Probably im doing something wrong.
In config for resnet18/34 i created the backbones
resnet34_backbone = resnet101_backbone.copy({
'name': 'ResNet34',
'path': 'resnet34-333f7ec4.pth',
'type': ResNetBackbone,
'args': ([3, 4, 6, 3],[],BasicBlock),
'transform': resnet_transform,
})
then created specific confings
this is the "default" for 101
yolact_edge_config = yolact_base_config.copy({
'name': 'yolact_edge',
####################
'torch2trt_max_calibration_images': 0,
#'torch2trt_backbone': False,
'torch2trt_backbone_int8': True,
'torch2trt_protonet_int8': True,
'torch2trt_fpn': True,
'torch2trt_prediction_module': True,
'use_fast_nms': False,
'dataset' : my_custom_dataset,
'num_classes':1+1,
# Image Size
'max_size': 256,
'min_size':200,
# Discard detections with width and height smaller than this (in absolute width and height)
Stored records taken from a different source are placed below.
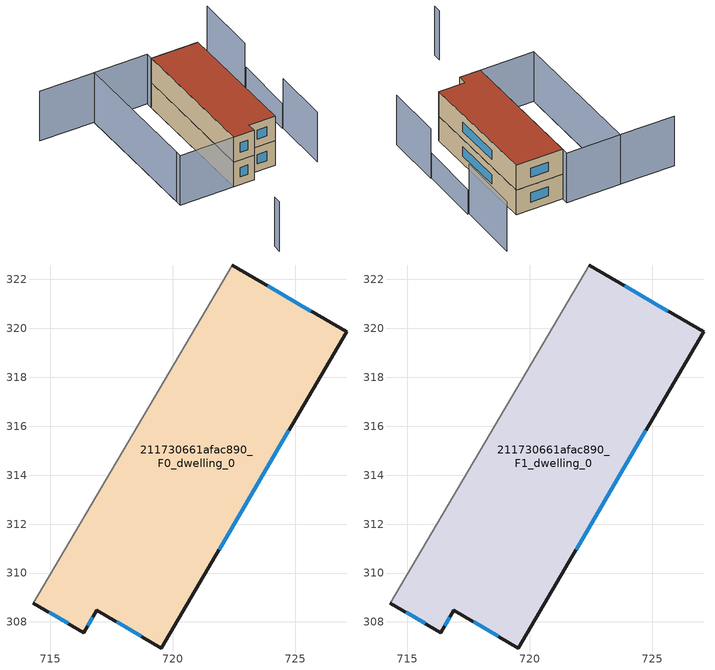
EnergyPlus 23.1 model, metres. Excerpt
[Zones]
211730661afac890_F0_dwelling_0
 floor ground (EU_floor_Construction): 727.1,319.86 719.54,306.94 716.9,308.49 716.36,307.57 714.3,308.77 722.43,322.59 z0
 wall outside (EU_wall_Construction): 714.3,308.77 716.36,307.57 716.9,308.49 719.54,306.94 727.1,319.86 722.43,322.59 z0:3
 wall adiabatic (EU_wall_Construction): 722.43,322.59 714.3,308.77 z0:3
 window (EU_Window_Construction): 725.65,320.71 723.89,321.74 / 721.9,310.96 724.75,315.83 / 717.72,308 718.71,307.42 / 716.52,307.85 716.73,308.2 / 714.94,308.39 715.72,307.94 z0.93:2.07
211730661afac890_F1_dwelling_0
 floor to 211730661afac890_F0_dwelling_0 (EU_floor_Construction): 727.1,319.86 719.54,306.94 716.9,308.49 716.36,307.57 714.3,308.77 722.43,322.59 z3
 wall outside (EU_wall_Construction): 714.3,308.77 716.36,307.57 716.9,308.49 719.54,306.94 727.1,319.86 722.43,322.59 z3:6
 wall adiabatic (EU_wall_Construction): 722.43,322.59 714.3,308.77 z3:6
 window (EU_Window_Construction): 725.65,320.71 723.89,321.74 / 721.9,310.96 724.75,315.83 / 717.72,308 718.71,307.42 / 716.52,307.85 716.73,308.2 / 714.94,308.39 715.72,307.94 z3.93:5.07
 roof outside (EU_roof_Construction): 719.54,306.94 727.1,319.86 722.43,322.59 714.3,308.77 716.36,307.57 716.9,308.49 z6
shading: 706.67,299.43 707.15,300.2 / 712.07,329.58 717.48,326.4 / 717.48,326.4 709.36,312.59 / 722.11,303.59 725.64,309.36 / 729.2,315.69 733.1,322.06 / 722.83,323.26 714.3,308.77 / 714.3,308.77 708.96,311.91 / 708.96,311.91 717.49,326.41 / 717.49,326.41 722.83,323.26 z0:6; 725.55,309.41 729.33,315.61 z0:3
[Building]
EU S2 Campaign: North Axis=0; Terrain=City; Solar Distribution=FullExterior
[Site:Location]
Montreal-Trudeau.Intl.AP: Latitude=45.4667; Longitude=-73.75; Time Zone=-5; Elevation=36
[SizingPeriod:WeatherFileDays]
AnnualSizingPeriod: Begin Month=1; Begin Day of Month=1; End Month=12; End Day of Month=31; Day of Week for Start Day=Monday; Use Weather File Daylight Saving Period=No; Use Weather File Rain and Snow Indicators=No
[MATERIAL]
EU_InternalMass_Material: Roughness=MediumRough; Thickness=0.1; Conductivity=1; Density=1800; Specific Heat=900; Thermal Absorptance=0.9; Solar Absorptance=0.7; Visible Absorptance=0.7
[MATERIAL:NOMASS] Roughness=MediumRough; Thermal Absorptance=0.9; Solar Absorptance=0.7; Visible Absorptance=0.7
Name | Thermal Resistance
EU_wall_NoMass; EU_floor_NoMass | 1.51479
EU_roof_NoMass | 2.84114
[WINDOWMATERIAL:SIMPLEGLAZINGSYSTEM]
EU_Window_SimpleGlazing: UFactor=3.53504; Solar Heat Gain Coefficient=0.8; Visible Transmittance=0.8
[CONSTRUCTION]
EU_wall_Construction: EU_wall_NoMass
EU_roof_Construction: EU_roof_NoMass
EU_floor_Construction: EU_floor_NoMass
EU_Window_Construction: EU_Window_SimpleGlazing
EU_InternalMass_Construction: EU_InternalMass_Material
[ZONE] Type=1; Multiplier=1; Ceiling Height=autocalculate; Volume=251.305; Floor Area=autocalculate; Part of Total Floor Area=Yes
211730661afac890_F0_dwelling_0; 211730661afac890_F1_dwelling_0
[INTERNALMASS] Construction=EU_InternalMass_Construction; Surface Area=83.7682
Name | Zone or ZoneList
211730661afac890_F0_dwelling_0_EU_InternalMass | 211730661afac890_F0_dwelling_0
211730661afac890_F1_dwelling_0_EU_InternalMass | 211730661afac890_F1_dwelling_0
[OTHEREQUIPMENT] Fuel Type=Electricity; Design Level Calculation Method=Watts/Area; Power per Zone Floor Area=1; Fraction Latent=0; Fraction Radiant=0; Fraction Lost=0; Carbon Dioxide Generation Rate=0; EndUse Subcategory=EU_Step8_InternalGains
Name | Zone or ZoneList or Space or SpaceList | Schedule
EU_Step8_InternalGain_211730661afac890_F0_dwelling_0_f000 | 211730661afac890_F0_dwelling_0 | EU_Step8_GainSchedule_211730661afac890_F0_dwelling_0_f000
EU_Step8_InternalGain_211730661afac890_F1_dwelling_0_f000 | 211730661afac890_F1_dwelling_0 | EU_Step8_GainSchedule_211730661afac890_F1_dwelling_0_f000
[ZONEVENTILATION:DESIGNFLOWRATE] Schedule=EU_AlwaysOn; Design Flow Rate Calculation Method=AirChanges/Hour; Air Changes per Hour=0.775154; Ventilation Type=Natural; Fan Pressure Rise=0; Fan Total Efficiency=1; Constant Term Coefficient=1; Temperature Term Coefficient=0; Velocity Term Coefficient=0; Velocity Squared Term Coefficient=0; Minimum Indoor Temperature=-100; Maximum Indoor Temperature=100; Delta Temperature=-100; Minimum Outdoor Temperature=-100; Maximum Outdoor Temperature=100; Maximum Wind Speed=40
Name | Zone or ZoneList or Space or SpaceList
EU_ConstantAir_211730661afac890_F0_dwelling_0 | 211730661afac890_F0_dwelling_0
EU_ConstantAir_211730661afac890_F1_dwelling_0 | 211730661afac890_F1_dwelling_0
[HVACTEMPLATE:THERMOSTAT] Constant Heating Setpoint=20; Constant Cooling Setpoint=50
EU_HeatOnly_211730661afac890_F0_dwelling_0; EU_HeatOnly_211730661afac890_F1_dwelling_0
[HVACTEMPLATE:ZONE:IDEALLOADSAIRSYSTEM] System Availability Schedule=EU_AlwaysOn; Maximum Heating Supply Air Temperature=50; Minimum Cooling Supply Air Temperature=13; Maximum Heating Supply Air Humidity Ratio=0.0156; Minimum Cooling Supply Air Humidity Ratio=0.0077; Heating Limit=NoLimit; Cooling Limit=NoLimit; Heating Availability Schedule=EU_AlwaysOn; Cooling Availability Schedule=EU_CoolingOff; Dehumidification Control Type=ConstantSensibleHeatRatio; Cooling Sensible Heat Ratio=0.7; Dehumidification Setpoint=60; Humidification Control Type=None; Humidification Setpoint=30; Outdoor Air Method=None; Outdoor Air Flow Rate per Person=0.00944; Outdoor Air Flow Rate per Zone Floor Area=0; Outdoor Air Flow Rate per Zone=0; Demand Controlled Ventilation Type=None; Outdoor Air Economizer Type=NoEconomizer; Heat Recovery Type=None; Sensible Heat Recovery Effectiveness=0.7; Latent Heat Recovery Effectiveness=0.65
Name | Template Thermostat
211730661afac890_F0_dwelling_0 | EU_HeatOnly_211730661afac890_F0_dwelling_0
211730661afac890_F1_dwelling_0 | EU_HeatOnly_211730661afac890_F1_dwelling_0
[SIZING:ZONE] Zone Cooling Design Supply Air Temperature Input Method=SupplyAirTemperature; Zone Cooling Design Supply Air Temperature=13; Zone Heating Design Supply Air Temperature Input Method=SupplyAirTemperature; Zone Heating Design Supply Air Temperature=50; Zone Cooling Design Supply Air Humidity Ratio=0.008; Zone Heating Design Supply Air Humidity Ratio=0.008; Cooling Design Air Flow Method=DesignDay; Cooling Design Air Flow Rate=0; Cooling Minimum Air Flow per Zone Floor Area=0.000762; Cooling Minimum Air Flow=0; Cooling Minimum Air Flow Fraction=0.2; Heating Design Air Flow Method=DesignDay; Heating Design Air Flow Rate=0; Heating Maximum Air Flow per Zone Floor Area=0.002032; Heating Maximum Air Flow=0.141576; Heating Maximum Air Flow Fraction=0.3; Account for Dedicated Outdoor Air System=No; Dedicated Outdoor Air System Control Strategy=NeutralSupplyAir; Dedicated Outdoor Air Low Setpoint Temperature for Design=autosize; Dedicated Outdoor Air High Setpoint Temperature for Design=autosize; Zone Load Sizing Method=Sensible Load Only No Latent Load; Zone Latent Cooling Design Supply Air Humidity Ratio Input Method=HumidityRatioDifference; Zone Cooling Design Supply Air Humidity Ratio Difference=0.005; Zone Latent Heating Design Supply Air Humidity Ratio Input Method=HumidityRatioDifference; Zone Humidification Design Supply Air Humidity Ratio Difference=0.005
211730661afac890_F0_dwelling_0; 211730661afac890_F1_dwelling_0
[SCHEDULE:CONSTANT]
Name | Hourly Value
EU_AlwaysOn | 1
EU_CoolingOff | 0
[SCHEDULE:FILE] Column Number=1; Rows to Skip at Top=0; Number of Hours of Data=8760; Column Separator=Comma; Interpolate to Timestep=No; Minutes per Item=60; Adjust Schedule for Daylight Savings=Yes
Name | File
EU_Step8_GainSchedule_211730661afac890_F0_dwelling_0_f000 | ../../schedules/211730661afac890/211730661afac890_F0_dwelling_0_f000_gain.csv
EU_Step8_GainSchedule_211730661afac890_F1_dwelling_0_f000 | ../../schedules/211730661afac890/211730661afac890_F1_dwelling_0_f000_gain.csv

'discard_box_width': 4 / 256,
'discard_box_height': 4 / 256,
# Training params
'lr_schedule': 'step',
'lr_steps': (4000, 6000, 8000, 9000),
'max_iter': 10000,
###################
})
then for example for 34
yolact_edge_resnet34_550_config = yolact_edge_config.copy({
'name': 'yolact_edge_resnet34_550',
'backbone': yolact_resnet34_config.backbone,
# Image Size
'max_size': 550,
'min_size':200,
# Discard detections with width and height smaller than this (in absolute width and height)
'discard_box_width': 4 / 550,
'discard_box_height': 4 / 550,
})
attached. the config file, a test file, and the updated backbone with the BasicBlock
example.zip
can you giveme a hint for where to look ?
You might want to confirm that the model runs well with no TensorRT enabled first.
I have trained the resnet18 and get the result, but when I try to eval the model with weights, here report the error:
"Backbone: ResNet18 is not currently supported with TenSorRT. "
can you teach me how to modify the code?